Nvidia digits is a great way to get started with deep learning and image classification. It’s an open source platform that you can run on your computer to do things like image classification, object detection, and processing. It also contains a REST API so that you can easily do all of this through HTTP requests if you desire. For this tutorial, let’s take a look at image classification using Nvidia digits.
Before you begin, you will need to follow the build instructions to get Nvidia Digits running on your computer. I recommend that you use Ubuntu, otherwise you will have to go through a lot of annoying installations to get this working on Windows. Also, you will need to have a Nvidia GPU. While training on your CPU is possible, it will take significantly longer to complete.
You will first need a dataset to work with. You can find your own images or use an existing dataset like this one. Just make sure that you have a top-level folder and each of your categories in a sub-folder. For example, I have a top level folder named things. I then have two folders in that folder. One folder named planes (containing all my images of planes) and another one named helicopters (containing all my images of helicopters).
Begin by starting Digits and opening your browser to localhost:5000. We will start with building a dataset that can be used with your models. Go to the tab that says dataset and chooses a new classification.

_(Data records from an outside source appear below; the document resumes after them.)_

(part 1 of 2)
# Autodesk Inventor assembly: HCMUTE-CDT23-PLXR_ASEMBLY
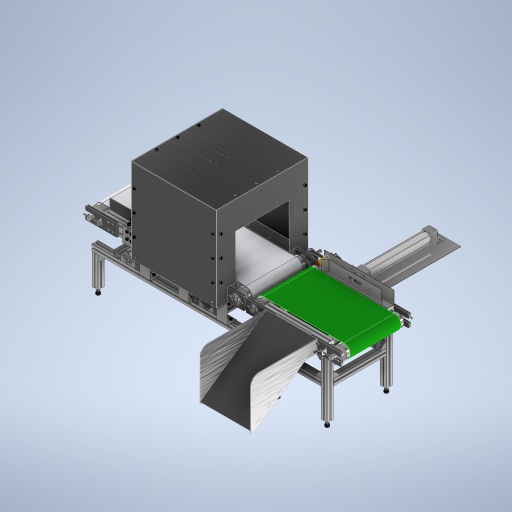
[picture p0: Inventor's stored thumbnail of the model, 512x512]
Saved by Autodesk Inventor 2023 (Build 270158000, 158)
## iProperties
Created: 2023-11-19
Part Number: HCMUTE-CDT23-PLXR_ASEMBLY
Document SubType Name: Assembly
Designer: havie
Mass: 52555 g
Surface Area: 83477.5 cm^2
Volume: 13075.1 cm^3
Density: 4.01946 g/cm^3
Author: havie
## Documents named in this file (82)
- D:\DO_AN_CDT\1.1. PART\HCMUTE-CDT23-PLXR_ASEMBLY.iam
- D:\DO_AN_CDT\1.1. PART\HCMUTE-CDT23-FRAME_ASEMBLY.iam
- D:\DO_AN_CDT\1.1. PART\HCMUTE-CDT23-BAT_TRUC_DAN.ipt
- C:\Users\havie\Documents\Inventor\Content Center Files\R2023\en-US\ISO 4762(2)\ISO 4762 - M6 x 16ISO.ipt
- D:\DO_AN_CDT\1.1. PART\HCMUTE-CDT23-GOI_DO_KFL003.ipt
- D:\DO_AN_CDT\1.1. PART\HCMUTE-CDT23-TRUC_DAN.ipt
- D:\DO_AN_CDT\1.1. PART\HCMUTE-CDT23-BAT_CANG_BANG_TAI.ipt
- D:\DO_AN_CDT\1.1. PART\HCMUTE-CDT23-BAT_TRUC_CANG_TAI.ipt
- C:\Users\havie\Documents\Inventor\Content Center Files\R2023\en-US\ISO 4762(2)\ISO 4762 - M6 x 20ISO.ipt
- D:\DO_AN_CDT\1.1. PART\HCMUTE-CDT23-TRUC_CANG.ipt
- D:\DO_AN_CDT\1.1. PART\HCMUTE-CDT23-M6X80_SUOT.ipt
- C:\Users\havie\Documents\Inventor\Content Center Files\R2023\en-US\ISO 7092\ISO 7092 - ST 6 - 140 HV.ipt
- C:\Users\havie\Documents\Inventor\Content Center Files\R2023\en-US\ISO 4032(2)\ISO 4032 - M6 - ISO.ipt
- D:\DO_AN_CDT\1.1. PART\HCMUTE-CDT23-BELT_PHAN_LOAI.ipt
- C:\Users\havie\Documents\Inventor\Content Center Files\R2023\en-US\ISO 4762(2)\ISO 4762 - M6 x 25ISO.ipt
- C:\Users\havie\Documents\Inventor\Content Center Files\R2023\en-US\ISO 4034(2)\ISO 4034 - M6 - ISO.ipt
- D:\DO_AN_CDT\1.1. PART\HCMUTE-CDT23-LOADCELL.ipt
- D:\DO_AN_CDT\1.1. PART\HCMUTE-CDT23-DE_CHEM_LOADCELL.ipt
- D:\DO_AN_CDT\1.1. PART\HCMUTE-CDT23-DE_GA_LOADCELL.ipt
- D:\DO_AN_CDT\1.1. PART\HCMUTE-CDT23-GOI_CHONG_QTAI.ipt
- D:\DO_AN_CDT\1.1. PART\HCMUTE-CDT23-GOI_DO.ipt
- C:\Users\havie\Documents\Inventor\Content Center Files\R2023\en-US\ISO 4017(1)\ISO 4017 - M6 x 45 - ISO.ipt
- C:\Users\havie\Documents\Inventor\Content Center Files\R2023\en-US\ISO 4762(2)\ISO 4762 - M6 x 10ISO.ipt
- D:\DO_AN_CDT\1.1. PART\HCMUTE-CDT23-BAN_CAN_LOADCELL.ipt
- D:\DO_AN_CDT\1.1. PART\BANG_TAI_CAN\HCMUTE-CDT23-BTC_ASEMBLY.iam
- C:\Users\havie\Documents\Inventor\Content Center Files\R2023\en-US\ISO 4762(2)\ISO 4762 - M5 x 10ISO.ipt
- C:\Users\havie\Documents\Inventor\Content Center Files\R2023\en-US\ISO 4034(2)\ISO 4034 - M5 - ISO.ipt
- D:\DO_AN_CDT\1.1. PART\HCMUTE-CDT23-PULLY_S5M-15X15X8.ipt
- D:\DO_AN_CDT\1.1. PART\HCMUTE-CDT23-PULLY_S5M-30X15X12.ipt
- D:\DO_AN_CDT\1.1. PART\2309HCMUTE-CDT23-BELT_S5M-320X64X15.ipt
- D:\DO_AN_CDT\1.1. PART\HCMUTE-CDT23-MOTOR_DC24V-100RPM-XD42GA775.ipt
- D:\DO_AN_CDT\1.1. PART\2309HCMUTE-CDT23-BELT_S5M-355X71X15.ipt
- D:\DO_AN_CDT\1.1. PART\HCMUTE-CDT23-GA_DC.ipt
- D:\DO_AN_CDT\1.1. PART\HCMUTE-CDT23-OP_GA-CONLAN.ipt
- D:\DO_AN_CDT\1.1. PART\HCMUTE-CDT23-OP_GA-STEP-42.ipt
- D:\DO_AN_CDT\1.1. PART\HCMUTE-CDT23-OP_NDH-2020X500.ipt
- D:\DO_AN_CDT\1.1. PART\HCMUTE-CDT23-OP_STEP-42.ipt
- C:\Users\havie\Documents\Inventor\Content Center Files\R2023\en-US\ISO 4762(2)\ISO 4762 - M6 x 12ISO.ipt
- C:\Users\havie\Documents\Inventor\Content Center Files\R2023\en-US\301818\301818.ipt
- D:\DO_AN_CDT\1.1. PART\HCMUTE-CDT23-OP_TAMLOT.ipt
- C:\Users\havie\Documents\Inventor\Content Center Files\R2023\en-US\ISO 4762(2)\ISO 4762 - M5 x 12ISO.ipt
- D:\DO_AN_CDT\1.1. PART\HCMUTE-CDT23-OP_PULLY-GT2-30X6X5.ipt
- C:\Users\havie\Documents\Inventor\Content Center Files\R2023\en-US\ISO 4762(2)\ISO 4762 - M5 x 8ISO.ipt
- D:\DO_AN_CDT\1.1. PART\HCMUTE-CDT23-OP_RONG-ROC.ipt
- D:\DO_AN_CDT\1.1. PART\HCMUTE-CDT23-OP_V-WHEEL.ipt
- D:\DO_AN_CDT\1.1. PART\HCMUTE-CDT23-OP_BASE-PLATE.ipt
- D:\DO_AN_CDT\1.1. PART\HCMUTE-CDT23-OP_DVCAM.ipt
- D:\DO_AN_CDT\1.1. PART\CAMERA\Assembly_HCMUTE-CDT23-CAMERA_C270Logitech c270 Assembly.iam
- D:\DO_AN_CDT\1.1. PART\HCMUTE-CDT23-OP_RONG-ROC2.ipt
- D:\DO_AN_CDT\1.1. PART\HCMUTE-CDT23-KXL_CHAN-GA.ipt
- D:\DO_AN_CDT\1.1. PART\HCMUTE-CDT23-KXL_A01.ipt
- C:\Users\havie\Documents\Inventor\Content Center Files\R2023\en-US\ISO 4032(2)\ISO 4032 - M5 - ISO.ipt
- D:\DO_AN_CDT\1.1. PART\2309HCMUTE-CDT23-KXL_GA-VUONG.ipt
- D:\DO_AN_CDT\1.1. PART\HCMUTE-CDT23-KXL_A02.ipt
- D:\DO_AN_CDT\1.1. PART\HCMUTE-CDT23-KXL_A03.ipt
- D:\DO_AN_CDT\1.1. PART\HCMUTE-CDT23-KXL_A04.ipt
- D:\DO_AN_CDT\1.1. PART\HCMUTE-CDT23-KXL_A05.ipt
- D:\DO_AN_CDT\1.1. PART\Part_Cylinder\Assembly_HCMUTE-CDT23-CYLINDER-AIRTAC_SC32X300.iam
- D:\DO_AN_CDT\1.1. PART\HCMUTE-CDT23-TAY_GAT.ipt
- D:\DO_AN_CDT\1.1. PART\Part_Cylinder\2309HCMUTE-CDT23-BE_DO.ipt
- D:\DO_AN_CDT\1.1. PART\HCMUTE-CDT23-VND.ipt
- D:\DO_AN_CDT\1.1. PART\Part_Cylinder\2309HCMUTE-CDT23-DO_GA.ipt
- D:\DO_AN_CDT\1.1. PART\HCMUTE-CDT23-BAC_TRUOT.ipt
- D:\DO_AN_CDT\1.1. PART\HCMUTE-CDT23-TRUC_TRUOT.ipt
- D:\DO_AN_CDT\1.1. PART\CBIEN\Assembly_HCMUTE-CDT23-CB_E3F-DS30C4.iam
- D:\DO_AN_CDT\1.1. PART\Part_Contain-Sample\Assembly_HCMUTE-CDT23_BE-TRUOT.iam
- D:\DO_AN_CDT\1.1. PART\HCMUTE-CDT23-BTC-VND.ipt
- D:\DO_AN_CDT\1.1. PART\HCMUTE-CDT23-OP_GA-CONLAN3.ipt
- D:\DO_AN_CDT\1.1. PART\HCMUTE-CDT23-OP_GA-STEP-423.ipt
- D:\DO_AN_CDT\1.1. PART\HCMUTE-CDT23-OP_NDH-2020X5003.ipt
- D:\DO_AN_CDT\1.1. PART\HCMUTE-CDT23-OP_STEP-423.ipt
- D:\DO_AN_CDT\1.1. PART\HCMUTE-CDT23-OP_TAMLOT3.ipt
- D:\DO_AN_CDT\1.1. PART\HCMUTE-CDT23-OP_PULLY-GT2-30X6X53.ipt
- D:\DO_AN_CDT\1.1. PART\HCMUTE-CDT23-OP_RONG-ROC3.ipt
- D:\DO_AN_CDT\1.1. PART\HCMUTE-CDT23-OP_V-WHEEL1.ipt
- D:\DO_AN_CDT\1.1. PART\HCMUTE-CDT23-OP_BASE-PLATE3.ipt
- D:\DO_AN_CDT\1.1. PART\2309HCMUTE-CDT23-KXL_GA-VUONG1.ipt
- D:\DO_AN_CDT\1.1. PART\HCMUTE-CDT23-KXL_A06.ipt
- C:\Users\havie\Documents\Inventor\Content Center Files\R2023\en-US\ISO 4762(2)\ISO 4762 - M4 x 16ISO.ipt
- C:\Users\havie\Documents\Inventor\Content Center Files\R2023\en-US\ISO 4032(2)\ISO 4032 - M4 - ISO.ipt
- D:\DO_AN_CDT\1.1. PART\BANG_TAI_CAN\HCMUTE-CDT23-GOI_DO_KFL003.ipt
- C:\Users\havie\Documents\Inventor\Content Center Files\R2023\en-US\302828\302828.ipt
## Components (366 placed, 80 different names)
1. HCMUTE-CDT23-FRAME_ASEMBLY:1 [sub-assembly] — Mate:1, Flush:1, Flush:2, Mate:18, Mate:19, Mate:20, Mate:21, Flush:5, Mate:33, Mate:35, Mate:36, Mate:37, Mate:38, Mate:40, Mate:42, Flush:6, Mate:73, Mate:84, Flush:8, Flush:9, Mate:92, Flush:12, Mate:102, Flush:13, Mate:152, Flush:16, Mate:153, Flush:18, Mate:154, Flush:20, Mate:185, Mate:186, Mate:190, Mate:206, Flush:30, Flush:32, Flush:35, Mate:276, Flush:52, Mate:277, Mate:282, Mate:283, Mate:284, Mate:285, Mate:320, Flush:63, Mate:321, Mate:322, Mate:323, Mate:399, Flush:73, Mate:402, Mate:498, Mate:499, Flush:96, Mate:500, Mate:501, Flush:97, Mate:502, Mate:503, Flush:98, Mate:504, Mate:505, Flush:99
2. HCMUTE-CDT23-BAT_TRUC_DAN:1 — Mate:1, Flush:1, Flush:2, Mate:7, Mate:8, Mate:9, Mate:74, Mate:75, Mate:76, Mate:77, Mate:194, Mate:196
3. HCMUTE-CDT23-BAT_TRUC_DAN:2 — Mate:190, Mate:191, Mate:192, Mate:193
4. HCMUTE-CDT23-GOI_DO_KFL003:1 — Mate:7, Mate:8, Mate:9, Mate:16, Mate:17, Mate:78, Mate:80
5. HCMUTE-CDT23-GOI_DO_KFL003:2 — Mate:173, Mate:191
6. HCMUTE-CDT23-BAT_CANG_BANG_TAI:1 — Mate:18, Mate:19, Mate:20, Mate:22, Mate:31, Mate:32, Mate:34, Mate:67, Mate:68, Mate:70
7. HCMUTE-CDT23-TRUC_DAN:1 — Mate:16, Mate:17, Mate:72, Mate:155, Mate:172, Mate:174, Mate:189
8. HCMUTE-CDT23-BAT_TRUC_CANG_TAI:1 — Mate:21, Flush:5, Mate:22, Mate:27, Mate:28, Mate:29, Mate:30, Mate:415, Mate:416, Mate:419, Mate:422
9. ISO 4762 M6 x 16:14 — Mate:29, Mate:30
10. ISO 4762 M6 x 16:16 — Mate:27, Mate:28
11. ISO 4762 M6 x 20:1 — Mate:31, Mate:32
12. ISO 4762 M6 x 20:2 — Mate:33, Mate:34
13. HCMUTE-CDT23-BAT_CANG_BANG_TAI:2 — Mate:35, Mate:36, Mate:37, Mate:39, Mate:41, Mate:43, Angle:1, Mate:54, Mate:56, Mate:61, Flush:77
14. ISO 4762 M6 x 20:3 — Mate:38, Mate:39
15. ISO 4762 M6 x 20:4 — Mate:40, Mate:41
16. HCMUTE-CDT23-BAT_TRUC_CANG_TAI:2 — Mate:42, Flush:6, Mate:43, Mate:44, Mate:45, Mate:46, Mate:47, Mate:48, Mate:49, Mate:50, Mate:51, Mate:52, Mate:400
17. ISO 4762 M6 x 16:17 — Mate:44, Mate:50
18. ISO 4762 M6 x 16:18 — Mate:45, Mate:51
19. ISO 4762 M6 x 16:19 — Mate:46, Mate:49
20. ISO 4762 M6 x 16:20 — Mate:47, Mate:48
21. HCMUTE-CDT23-TRUC_CANG:1 — Mate:52, Flush:7, Mate:422
22. HCMUTE-CDT23-M6X80_SUOT:1 — Mate:54, Mate:55, Mate:57, Mate:59, Mate:60
23. ISO 7092 ST 6 - 140 HV:1 — Mate:55, Mate:56, Mate:58
24. ISO 4032 M6:1 — Mate:57, Mate:58, Mate:59
25. ISO 4032 M6:2 — Mate:60, Mate:61
26. HCMUTE-CDT23-M6X80_SUOT:2 — Mate:67, Mate:69
27. ISO 7092 ST 6 - 140 HV:2 — Mate:68
28. ISO 4032 M6:3
29. ISO 4032 M6:5 — Mate:69, Mate:70
30. HCMUTE-CDT23-BELT_PHAN_LOAI:1 — Mate:72, Mate:73
31. ISO 4762 M6 x 25:1 — Mate:74, Mate:75, Mate:79
32. ISO 4762 M6 x 25:2 — Mate:76, Mate:77, Mate:81
33. ISO 4034 M6:1 — Mate:80, Mate:81
34. ISO 4034 M6:2 — Mate:78, Mate:79
35. ISO 4762 M6 x 25:3 — Mate:83, Mate:192
36. ISO 4762 M6 x 25:4 — Mate:82, Mate:193
37. ISO 4034 M6:3 — Mate:82
38. ISO 4034 M6:4 — Mate:83
39. HCMUTE-CDT23-LOADCELL:1 — Mate:88, Mate:89, Mate:90, Mate:94, Mate:95, Mate:96, Mate:97, Flush:14, Mate:113, Mate:114, Mate:115
40. HCMUTE-CDT23-DE_CHEM_LOADCELL:1 — Mate:85, Mate:86, Mate:87, Mate:88, Mate:89, Mate:90
41. HCMUTE-CDT23-DE_GA_LOADCELL:1 — Mate:84, Flush:8, Flush:9, Mate:85, Mate:86, Mate:87, Mate:93, Mate:98, Mate:99, Mate:100, Mate:101, Flush:19
42. HCMUTE-CDT23-GOI_CHONG_QTAI:1 — Mate:102, Flush:13, Mate:103, Mate:104, Flush:14
43. HCMUTE-CDT23-GOI_DO:1 — Mate:92, Flush:12, Mate:93, Mate:105, Mate:106, Mate:107, Mate:108, Mate:109, Mate:110, Mate:111, Mate:112, Flush:17
44. ISO 4017 M6 x 45:1 — Mate:94, Mate:97
45. ISO 4017 M6 x 45:2 — Mate:95, Mate:96
46. ISO 4762 M6 x 16:31 — Mate:100, Mate:101
47. ISO 4762 M6 x 16:33 — Mate:98, Mate:99
48. ISO 4762 M6 x 16:34 — Mate:103, Mate:104
49. ISO 4762 M6 x 10:1 — Mate:105, Mate:106
50. ISO 4762 M6 x 10:2 — Mate:111, Mate:112
51. ISO 4762 M6 x 10:3 — Mate:109, Mate:110
52. ISO 4762 M6 x 10:4 — Mate:107, Mate:108
53. HCMUTE-CDT23-BAN_CAN_LOADCELL:1 — Mate:113, Mate:114, Mate:115, Mate:116, Mate:117, Mate:118, Mate:119, Mate:156, Mate:157, Mate:158, Mate:159, Mate:160, Mate:161, Mate:162, Mate:163
54. ISO 4762 M6 x 25:5 — Mate:116, Mate:118
55. ISO 4762 M6 x 25:6 — Mate:117, Mate:119
56. HCMUTE-CDT23-LOADCELL:2 — Flush:21
57. HCMUTE-CDT23-DE_CHEM_LOADCELL:2
58. HCMUTE-CDT23-DE_GA_LOADCELL:2 — Mate:153, Flush:18, Flush:19
59. HCMUTE-CDT23-GOI_CHONG_QTAI:2 — Mate:154, Flush:20, Flush:21
60. HCMUTE-CDT23-GOI_DO:2 — Mate:152, Flush:16, Flush:17
61. ISO 4017 M6 x 45:3
62. ISO 4017 M6 x 45:4
63. ISO 4762 M6 x 16:35
64. ISO 4762 M6 x 16:36
65. ISO 4762 M6 x 16:37
66. ISO 4762 M6 x 10:5
67. ISO 4762 M6 x 10:6
68. ISO 4762 M6 x 10:7
69. ISO 4762 M6 x 10:8
70. HCMUTE-CDT23-BAN_CAN_LOADCELL:2
71. ISO 4762 M6 x 25:7
72. ISO 4762 M6 x 25:8
73. HCMUTE-CDT23-BTC_ASEMBLY:1 [sub-assembly] — Mate:155, Mate:164, Mate:166, Mate:168, Mate:170, Mate:176, Mate:178, Mate:203, Mate:423, Flush:78, Mate:425, Mate:426, Flush:92, Mate:462, Flush:93, Flush:95, Mate:497
74. HCMUTE-CDT23-PULLY_S5M-30X15X12:1 — Mate:172, Mate:173, Mate:175, Flush:24, Mate:177, Mate:179
75. HCMUTE-CDT23-PULLY_S5M-30X15X12:2 — Mate:174, Mate:175, Flush:25
76. HCMUTE-CDT23-PULLY_S5M-30X15X12:3 — Mate:176, Flush:24
77. 2309HCMUTE-CDT23-BELT_S5M-320X64X15:1 — Mate:177, Mate:178, Mate:179
78. HCMUTE-CDT23-MOTOR_DC24V-100RPM-XD42GA775:1 — Mate:180, Mate:181, Mate:182, Mate:183
79. HCMUTE-CDT23-PULLY_S5M-15X15X8:1 — Mate:183, Mate:184, Flush:25, Mate:187, Mate:188
80. 2309HCMUTE-CDT23-BELT_S5M-355X71X15:1 — Mate:187, Mate:188, Mate:189
81. HCMUTE-CDT23-GA_DC:1 — Mate:180, Mate:181, Mate:182, Mate:184, Mate:185, Mate:186
82. HCMUTE-CDT23-OP_GA-CONLAN:1 — Mate:202, Flush:28, Flush:34, Mate:221, Mate:222, Mate:223, Mate:224, Mate:225, Mate:226, Mate:236
83. HCMUTE-CDT23-OP_GA-STEP-42:1 — Mate:199, Flush:26, Flush:27, Mate:200, Mate:201, Mate:216, Mate:217, Mate:218, Mate:219, Mate:220
84. HCMUTE-CDT23-OP_NDH-2020X500:1 — Mate:199, Flush:26, Flush:27, Mate:202, Flush:28, Mate:203, Flush:31, Mate:208, Mate:210, Flush:34, Flush:35, Flush:39, Flush:40, Mate:426, Flush:80
85. HCMUTE-CDT23-OP_STEP-42:1 — Mate:200, Mate:201, Mate:215
86. ISO 4762 M6 x 12:7
87. ISO 4762 M6 x 12:8
88. ISO 4762 M6 x 12:9
89. ISO 4762 M6 x 12:10
90. ISO 4762 M6 x 12:11
91. ISO 4762 M6 x 12:12
92. 301818 302828.1:1 — Mate:207, Mate:208, Flush:32, Flush:33, Mate:214
93. HCMUTE-CDT23-OP_TAMLOT:1 — Mate:206, Flush:30, Flush:31, Mate:207, Mate:209, Mate:211, Mate:213
94. 301818 302828.1:2 — Mate:209, Mate:210, Flush:33, Mate:212
95. ISO 4762 M5 x 12:1 — Mate:211, Mate:212
96. ISO 4762 M5 x 12:2 — Mate:213, Mate:214
97. HCMUTE-CDT23-OP_PULLY-GT2-30X6X5:1 — Mate:215, Mate:216
98. ISO 4762 M5 x 8:1 — Mate:217, Mate:218
99. ISO 4762 M5 x 8:2 — Mate:219, Mate:220
100. ISO 4762 M5 x 8:3 — Mate:221, Mate:222
101. ISO 4762 M5 x 8:4 — Mate:223, Mate:224
102. HCMUTE-CDT23-OP_RONG-ROC:1 — Mate:225, Mate:226
103. HCMUTE-CDT23-OP_V-WHEEL:1 — Mate:227, Mate:228, Flush:37, Flush:38
104. HCMUTE-CDT23-OP_BASE-PLATE:1 — Mate:227, Mate:228, Mate:229, Mate:230, Mate:231, Mate:232, Mate:233, Mate:234, Angle:3, Mate:236, Flush:80, Mate:427, Mate:428, Angle:9
105. HCMUTE-CDT23-OP_V-WHEEL:3 — Mate:229, Mate:230
106. HCMUTE-CDT23-OP_V-WHEEL:4 — Mate:231, Mate:232
107. HCMUTE-CDT23-OP_V-WHEEL:5 — Mate:233, Mate:234
108. HCMUTE-CDT23-OP_DVCAM:1 — Mate:273, Mate:274, Mate:275, Mate:427, Mate:428, Angle:9
109. Assembly_HCMUTE-CDT23-CAMERA_C270Logitech c270 Assembly:1 [sub-assembly] — Mate:273, Mate:274, Mate:275
110. HCMUTE-CDT23-OP_RONG-ROC2:1
111. HCMUTE-CDT23-KXL_CHAN-GA:1 — Mate:276, Flush:52, Mate:277, Mate:278, Mate:279, Mate:280, Mate:281, Flush:53, Mate:286, Mate:287
112. HCMUTE-CDT23-KXL_CHAN-GA:2 — Mate:282, Mate:283, Flush:53, Flush:54, Flush:65
113. HCMUTE-CDT23-KXL_CHAN-GA:3 — Mate:284, Mate:285, Flush:54, Mate:296, Flush:67
114. HCMUTE-CDT23-KXL_A01:1 — Mate:286, Mate:287, Mate:288, Flush:55, Mate:289, Mate:290, Mate:291, Mate:292, Mate:293, Flush:57, Mate:313, Mate:360
115. 2309HCMUTE-CDT23-KXL_GA-VUONG:1 — Mate:288, Flush:55, Mate:289, Flush:56, Mate:476, Mate:477
116. 2309HCMUTE-CDT23-KXL_GA-VUONG:2 — Mate:290, Flush:56, Mate:291
117. 2309HCMUTE-CDT23-KXL_GA-VUONG:3 — Mate:292, Mate:293, Flush:57, Mate:478
118. ISO 4032 M5:1 — Mate:296
119. HCMUTE-CDT23-KXL_A03:1 — Mate:313, Mate:316, Mate:319, Flush:61, Flush:62, Mate:338, Mate:355, Mate:356, Mate:370, Symmetry:3
120. HCMUTE-CDT23-KXL_A02:2 — Mate:319, Flush:61, Flush:62, Mate:333, Mate:334, Mate:335, Flush:69, Mate:336, Mate:337, Mate:341, Mate:342, Mate:347, Mate:348, Mate:351, Mate:352, Mate:474, Mate:475
121. HCMUTE-CDT23-KXL_CHAN-GA:4 — Mate:320, Flush:63, Mate:321, Flush:64, Flush:66
122. HCMUTE-CDT23-KXL_CHAN-GA:5 — Mate:322, Flush:64, Flush:65, Mate:326
123. HCMUTE-CDT23-KXL_CHAN-GA:6 — Mate:323, Flush:66, Flush:67, Mate:324, Flush:68, Mate:325, Mate:327, Mate:328, Mate:329, Mate:330, Mate:332, Mate:340
124. HCMUTE-CDT23-KXL_A01:2 — Mate:324, Flush:68, Mate:325, Mate:326, Mate:331
125. HCMUTE-CDT23-KXL_A04:1 — Mate:360, Mate:361, Mate:362, Mate:363, Mate:364, Mate:373, Mate:380, Mate:381, Symmetry:3
126. HCMUTE-CDT23-KXL_A05:1 — Mate:370, Mate:371, Flush:72, Mate:372, Mate:374, Mate:375, Mate:382, Mate:383, Mate:384, Mate:385, Mate:386, Mate:481, Mate:482, Mate:483, Mate:484, Mate:485, Mate:486, Mate:487, Mate:488
127. ISO 4762 M5 x 12:44
128. ISO 4032 M5:40
129. ISO 4032 M5:41
130. ISO 4762 M5 x 12:45
131. ISO 4762 M5 x 12:46
132. ISO 4032 M5:42
133. ISO 4032 M5:43
134. ISO 4762 M5 x 12:47
135. ISO 4762 M5 x 12:48
136. ISO 4032 M5:44
137. ISO 4032 M5:45
138. ISO 4762 M5 x 12:49
139. Assembly_HCMUTE-CDT23-CAMERA_C270Logitech c270 Assembly:2 [sub-assembly] — Mate:384, Mate:385, Mate:386, Mate:493, Mate:494, Mate:495, Mate:496
140. Assembly_HCMUTE-CDT23-CYLINDER-AIRTAC_SC32X300:1 [sub-assembly] — Tangent:1, Mate:401, Mate:403, Mate:404, Angle:6, Mate:405, Mate:406, Mate:407
141. HCMUTE-CDT23-TAY_GAT:1 — Tangent:1, Mate:401, Flush:76, Mate:412
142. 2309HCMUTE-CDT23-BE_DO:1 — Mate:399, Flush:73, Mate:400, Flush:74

The neat thing about Nvidia digits is that it takes care of sizing your images to the appropriate size and color scheme that the network requires. Set the transform options to fill if your images are smaller than the 256×256 dimension, otherwise, select crop or squash. Then select the top level folder which contains all the other sub-folders of the images you want to classify. Finally, name your dataset and select create.
Training the Model
After you create your dataset, select the tab that says _Models _and create a new classification model.
First, select the dataset that you created in the previous step. You might also want to adjust the learning rate to 0.001 if you find that your network’s loss rate is extremely high. Also, set the batch size to some value between 1-10 if you plan to use the GoogleNet. If you keep it at the default size with the GoogleNet, you will most likely run out of GPU memory unless you are using multiple GPUS. Finally, give your model a name and select create.
The training on your model will begin. Depending on your computer’s hardware, this could take awhile. When it’s done, test the network with an image that you did not train it with and see if the output is as expected.